┌─ RECORDED DATA
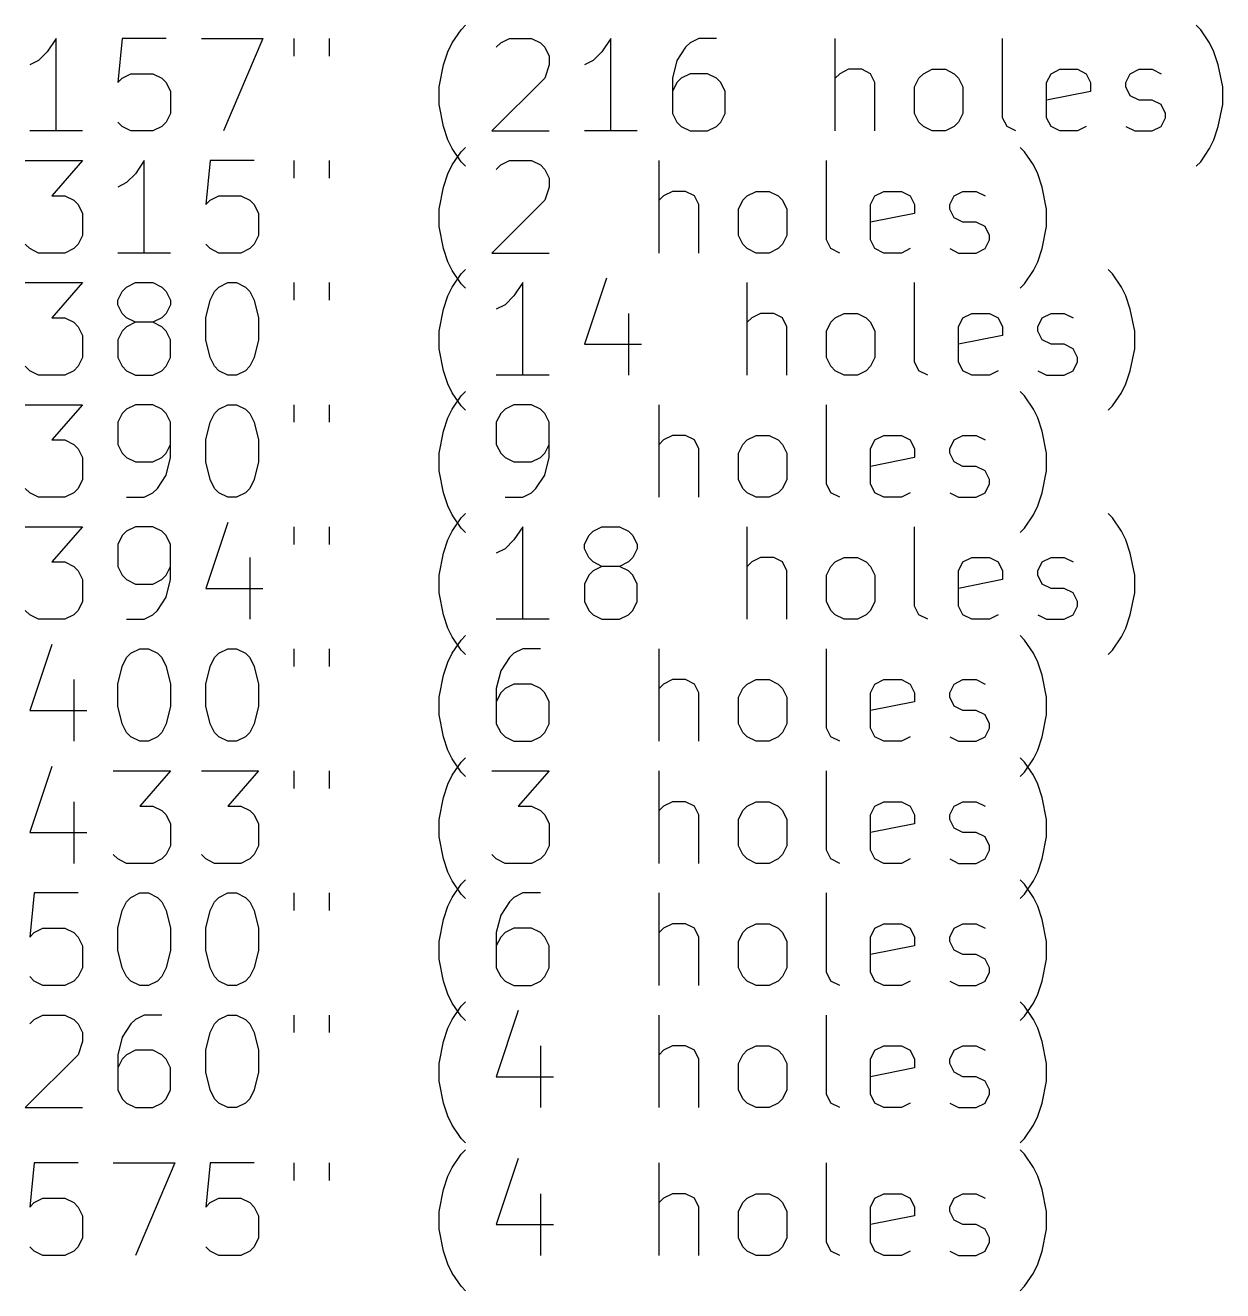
# Model space of a CAD drawing. Extents: x 91 to 223, y -160 to -73.
# Drawn here: x 119.57 to 145.48, y -159.8 to -132.44 of the extents above; entities that cross this region are included whole.
import ezdxf

# ---------------------------------------------------------------- set-up
doc = ezdxf.new("R2010")
doc.units = 0
doc.layers.add('BLACK', color=7, linetype='CONTINUOUS')

msp = doc.modelspace()

# ---------------------------------------------------------------- linework, layer by layer
at = {"layer": 'BLACK', "linetype": 'CONTINUOUS'}
for p, q in [((129.001, -132.53), (129.096, -132.435)), ((145.001, -132.53), (144.906, -132.435)), ((120.239, -132.72), (120.049, -133.006)), ((120.239, -134.72), (120.239, -132.72)), ((121.668, -132.72), (121.573, -133.673)), ((122.62, -132.72), (121.668, -132.72)), ((123.382, -132.72), (124.715, -132.72)), ((124.715, -132.72), (123.858, -134.72)), ((125.382, -132.72), (125.382, -133.101)), ((126.144, -132.72), (126.144, -133.101)), ((128.811, -132.816), (129.001, -132.53)), ((129.858, -132.816), (130.049, -132.72)), ((130.049, -132.72), (130.525, -132.72)), ((130.525, -132.72), (130.715, -132.816)), ((132.239, -132.72), (132.049, -133.006)), ((132.239, -134.72), (132.239, -132.72)), ((134.144, -132.72), (133.954, -132.816)), ((134.525, -132.72), (134.144, -132.72)), ((137.096, -134.72), (137.096, -132.72)), ((140.715, -134.435), (140.715, -132.72)), ((145.192, -132.816), (145.001, -132.53)), ((128.715, -133.006), (128.811, -132.816)), ((129.763, -132.911), (129.858, -132.816)), ((130.715, -132.816), (130.811, -132.911)), ((130.811, -132.911), (130.906, -133.101)), ((133.858, -132.911), (133.668, -133.197)), ((133.954, -132.816), (133.858, -132.911)), ((145.287, -133.006), (145.192, -132.816)), ((119.858, -133.197), (119.668, -133.292)), ((120.049, -133.006), (119.858, -133.197)), ((128.62, -133.292), (128.715, -133.006)), ((130.906, -133.101), (130.906, -133.292)), ((131.858, -133.197), (131.668, -133.292)), ((132.049, -133.006), (131.858, -133.197)), ((133.668, -133.197), (133.573, -133.578)), ((145.382, -133.292), (145.287, -133.006)), ((121.668, -133.578), (121.858, -133.482)), ((121.858, -133.482), (122.335, -133.482)), ((122.335, -133.482), (122.525, -133.578)), ((128.525, -133.768), (128.62, -133.292)), ((130.906, -133.292), (130.811, -133.578)), ((133.954, -133.482), (133.763, -133.578)), ((134.335, -133.482), (133.954, -133.482)), ((134.525, -133.578), (134.335, -133.482)), ((137.192, -133.482), (137.096, -133.578)), ((137.382, -133.387), (137.192, -133.482)), ((137.668, -133.387), (137.382, -133.387)), ((137.858, -133.482), (137.668, -133.387)), ((137.954, -133.673), (137.858, -133.482)), ((138.906, -133.578), (139.001, -133.482)), ((139.001, -133.482), (139.192, -133.387)), ((139.192, -133.387), (139.477, -133.387)), ((139.477, -133.387), (139.668, -133.482)), ((139.668, -133.482), (139.763, -133.578)), ((141.668, -133.673), (141.763, -133.482)), ((141.763, -133.482), (141.954, -133.387)), ((141.954, -133.387), (142.335, -133.387)), ((142.335, -133.387), (142.525, -133.482)), ((142.525, -133.482), (142.62, -133.673)), ((143.382, -133.673), (143.477, -133.482)), ((143.477, -133.482), (143.668, -133.387)), ((143.668, -133.387), (143.954, -133.387)), ((143.954, -133.387), (144.144, -133.482)), ((145.477, -133.768), (145.382, -133.292)), ((121.573, -133.673), (121.668, -133.578)), ((122.525, -133.578), (122.62, -133.673)), ((122.62, -133.673), (122.715, -133.863)), ((128.525, -134.149), (128.525, -133.768)), ((130.811, -133.578), (129.668, -134.72)), ((133.573, -133.578), (133.573, -134.339)), ((133.668, -133.673), (133.573, -133.863)), ((133.763, -133.578), (133.668, -133.673)), ((134.62, -133.673), (134.525, -133.578)), ((134.715, -133.863), (134.62, -133.673)), ((137.954, -134.72), (137.954, -133.673)), ((138.811, -133.768), (138.906, -133.578)), ((138.811, -134.339), (138.811, -133.768)), ((139.763, -133.578), (139.858, -133.768)), ((139.858, -133.768), (139.858, -134.339)), ((141.668, -134.435), (141.668, -133.673)), ((142.62, -133.673), (142.62, -133.863)), ((143.382, -133.768), (143.382, -133.673)), ((143.477, -133.959), (143.382, -133.768)), ((145.477, -134.149), (145.477, -133.768)), ((122.715, -133.863), (122.715, -134.339)), ((134.715, -134.339), (134.715, -133.863)), ((142.62, -133.863), (141.668, -134.054)), ((143.668, -134.054), (143.477, -133.959)), ((143.954, -134.054), (143.668, -134.054)), ((144.144, -134.149), (143.954, -134.054)), ((122.715, -134.339), (122.62, -134.53)), ((128.62, -134.625), (128.525, -134.149)), ((133.573, -134.339), (133.668, -134.53)), ((134.62, -134.53), (134.715, -134.339)), ((138.906, -134.53), (138.811, -134.339)), ((139.858, -134.339), (139.763, -134.53)), ((144.239, -134.339), (144.144, -134.149)), ((144.239, -134.435), (144.239, -134.339)), ((145.382, -134.625), (145.477, -134.149)), ((121.668, -134.625), (121.573, -134.53)), ((121.858, -134.72), (121.668, -134.625)), ((122.525, -134.625), (122.335, -134.72)), ((122.62, -134.53), (122.525, -134.625)), ((128.715, -134.911), (128.62, -134.625)), ((133.668, -134.53), (133.763, -134.625)), ((133.763, -134.625), (133.954, -134.72)), ((134.335, -134.72), (134.525, -134.625)), ((134.525, -134.625), (134.62, -134.53)), ((139.001, -134.625), (138.906, -134.53)), ((139.192, -134.72), (139.001, -134.625)), ((139.668, -134.625), (139.477, -134.72)), ((139.763, -134.53), (139.668, -134.625)), ((140.811, -134.625), (140.715, -134.435)), ((141.001, -134.72), (140.811, -134.625)), ((141.763, -134.625), (141.668, -134.435)), ((141.954, -134.72), (141.763, -134.625)), ((142.525, -134.625), (142.335, -134.72)), ((143.382, -134.625), (143.573, -134.72)), ((143.954, -134.72), (144.144, -134.625)), ((144.144, -134.625), (144.239, -134.435)), ((145.287, -134.911), (145.382, -134.625)), ((120.811, -134.72), (119.668, -134.72)), ((122.335, -134.72), (121.858, -134.72)), ((128.811, -135.101), (128.715, -134.911)), ((129.668, -134.72), (130.906, -134.72)), ((132.811, -134.72), (131.668, -134.72)), ((133.954, -134.72), (134.335, -134.72)), ((139.477, -134.72), (139.192, -134.72)), ((142.335, -134.72), (141.954, -134.72)), ((143.573, -134.72), (143.954, -134.72)), ((145.192, -135.101), (145.287, -134.911)), ((129.001, -135.387), (128.811, -135.101)), ((128.811, -135.456), (129.001, -135.17)), ((129.001, -135.17), (129.096, -135.075)), ((141.192, -135.17), (141.096, -135.075)), ((141.382, -135.456), (141.192, -135.17)), ((145.001, -135.387), (145.192, -135.101)), ((119.573, -135.36), (120.811, -135.36)), ((120.811, -135.36), (120.144, -136.122)), ((122.144, -135.36), (121.954, -135.646)), ((122.144, -137.36), (122.144, -135.36)), ((123.573, -135.36), (123.477, -136.313)), ((124.525, -135.36), (123.573, -135.36)), ((125.382, -135.36), (125.382, -135.741)), ((126.144, -135.36), (126.144, -135.741)), ((128.715, -135.646), (128.811, -135.456)), ((129.096, -135.482), (129.001, -135.387)), ((129.763, -135.551), (129.858, -135.456)), ((129.858, -135.456), (130.049, -135.36)), ((130.049, -135.36), (130.525, -135.36)), ((130.525, -135.36), (130.715, -135.456)), ((130.715, -135.456), (130.811, -135.551)), ((133.287, -137.36), (133.287, -135.36)), ((136.906, -137.075), (136.906, -135.36)), ((141.477, -135.646), (141.382, -135.456)), ((144.906, -135.482), (145.001, -135.387)), ((121.954, -135.646), (121.763, -135.837)), ((128.62, -135.932), (128.715, -135.646)), ((130.811, -135.551), (130.906, -135.741)), ((141.573, -135.932), (141.477, -135.646)), ((121.763, -135.837), (121.573, -135.932)), ((128.525, -136.408), (128.62, -135.932)), ((130.906, -135.932), (130.811, -136.218)), ((130.906, -135.741), (130.906, -135.932)), ((141.668, -136.408), (141.573, -135.932)), ((120.144, -136.122), (120.43, -136.122)), ((120.43, -136.122), (120.62, -136.218)), ((120.62, -136.218), (120.715, -136.313)), ((123.477, -136.313), (123.573, -136.218)), ((123.573, -136.218), (123.763, -136.122)), ((123.763, -136.122), (124.239, -136.122)), ((124.239, -136.122), (124.43, -136.218)), ((124.43, -136.218), (124.525, -136.313)), ((130.811, -136.218), (129.668, -137.36)), ((133.382, -136.122), (133.287, -136.218)), ((133.573, -136.027), (133.382, -136.122)), ((133.858, -136.027), (133.573, -136.027)), ((134.049, -136.122), (133.858, -136.027)), ((134.144, -136.313), (134.049, -136.122)), ((135.001, -136.408), (135.096, -136.218)), ((135.096, -136.218), (135.192, -136.122)), ((135.192, -136.122), (135.382, -136.027)), ((135.382, -136.027), (135.668, -136.027)), ((135.668, -136.027), (135.858, -136.122)), ((135.858, -136.122), (135.954, -136.218)), ((135.954, -136.218), (136.049, -136.408)), ((137.858, -136.313), (137.954, -136.122)), ((137.954, -136.122), (138.144, -136.027)), ((138.144, -136.027), (138.525, -136.027)), ((138.525, -136.027), (138.715, -136.122)), ((138.715, -136.122), (138.811, -136.313)), ((139.573, -136.313), (139.668, -136.122)), ((139.668, -136.122), (139.858, -136.027)), ((139.858, -136.027), (140.144, -136.027)), ((140.144, -136.027), (140.335, -136.122)), ((120.715, -136.313), (120.811, -136.503)), ((120.811, -136.503), (120.811, -136.979)), ((124.525, -136.313), (124.62, -136.503)), ((124.62, -136.503), (124.62, -136.979)), ((128.525, -136.789), (128.525, -136.408)), ((134.144, -137.36), (134.144, -136.313)), ((135.001, -136.979), (135.001, -136.408)), ((136.049, -136.408), (136.049, -136.979)), ((137.858, -137.075), (137.858, -136.313)), ((138.811, -136.503), (137.858, -136.694)), ((138.811, -136.313), (138.811, -136.503)), ((139.573, -136.408), (139.573, -136.313)), ((139.668, -136.599), (139.573, -136.408)), ((141.668, -136.789), (141.668, -136.408)), ((128.62, -137.265), (128.525, -136.789)), ((139.858, -136.694), (139.668, -136.599)), ((140.144, -136.694), (139.858, -136.694)), ((140.335, -136.789), (140.144, -136.694)), ((140.43, -136.979), (140.335, -136.789)), ((141.573, -137.265), (141.668, -136.789)), ((120.811, -136.979), (120.715, -137.17)), ((124.62, -136.979), (124.525, -137.17)), ((135.096, -137.17), (135.001, -136.979)), ((136.049, -136.979), (135.954, -137.17)), ((137.001, -137.265), (136.906, -137.075)), ((137.954, -137.265), (137.858, -137.075)), ((140.335, -137.265), (140.43, -137.075)), ((140.43, -137.075), (140.43, -136.979)), ((119.668, -137.265), (119.573, -137.17)), ((119.858, -137.36), (119.668, -137.265)), ((120.43, -137.36), (119.858, -137.36)), ((120.62, -137.265), (120.43, -137.36)), ((120.715, -137.17), (120.62, -137.265)), ((122.715, -137.36), (121.573, -137.36)), ((123.573, -137.265), (123.477, -137.17)), ((123.763, -137.36), (123.573, -137.265)), ((124.239, -137.36), (123.763, -137.36)), ((124.43, -137.265), (124.239, -137.36)), ((124.525, -137.17), (124.43, -137.265)), ((128.715, -137.551), (128.62, -137.265)), ((129.668, -137.36), (130.906, -137.36)), ((135.192, -137.265), (135.096, -137.17)), ((135.382, -137.36), (135.192, -137.265)), ((135.668, -137.36), (135.382, -137.36)), ((135.858, -137.265), (135.668, -137.36)), ((135.954, -137.17), (135.858, -137.265)), ((137.192, -137.36), (137.001, -137.265)), ((138.144, -137.36), (137.954, -137.265)), ((138.525, -137.36), (138.144, -137.36)), ((138.715, -137.265), (138.525, -137.36)), ((139.573, -137.265), (139.763, -137.36)), ((139.763, -137.36), (140.144, -137.36)), ((140.144, -137.36), (140.335, -137.265)), ((141.477, -137.551), (141.573, -137.265)), ((128.811, -137.741), (128.715, -137.551)), ((141.382, -137.741), (141.477, -137.551)), ((129.001, -138.027), (128.811, -137.741)), ((128.811, -138.096), (129.001, -137.81)), ((129.001, -137.81), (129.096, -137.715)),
└─
If a line in the entries contains the word "CONTINUOUS", copy that line out.

doc.layers.add('BLACK', color=7, linetype='CONTINUOUS')
at = {"layer": 'BLACK', "linetype": 'CONTINUOUS'}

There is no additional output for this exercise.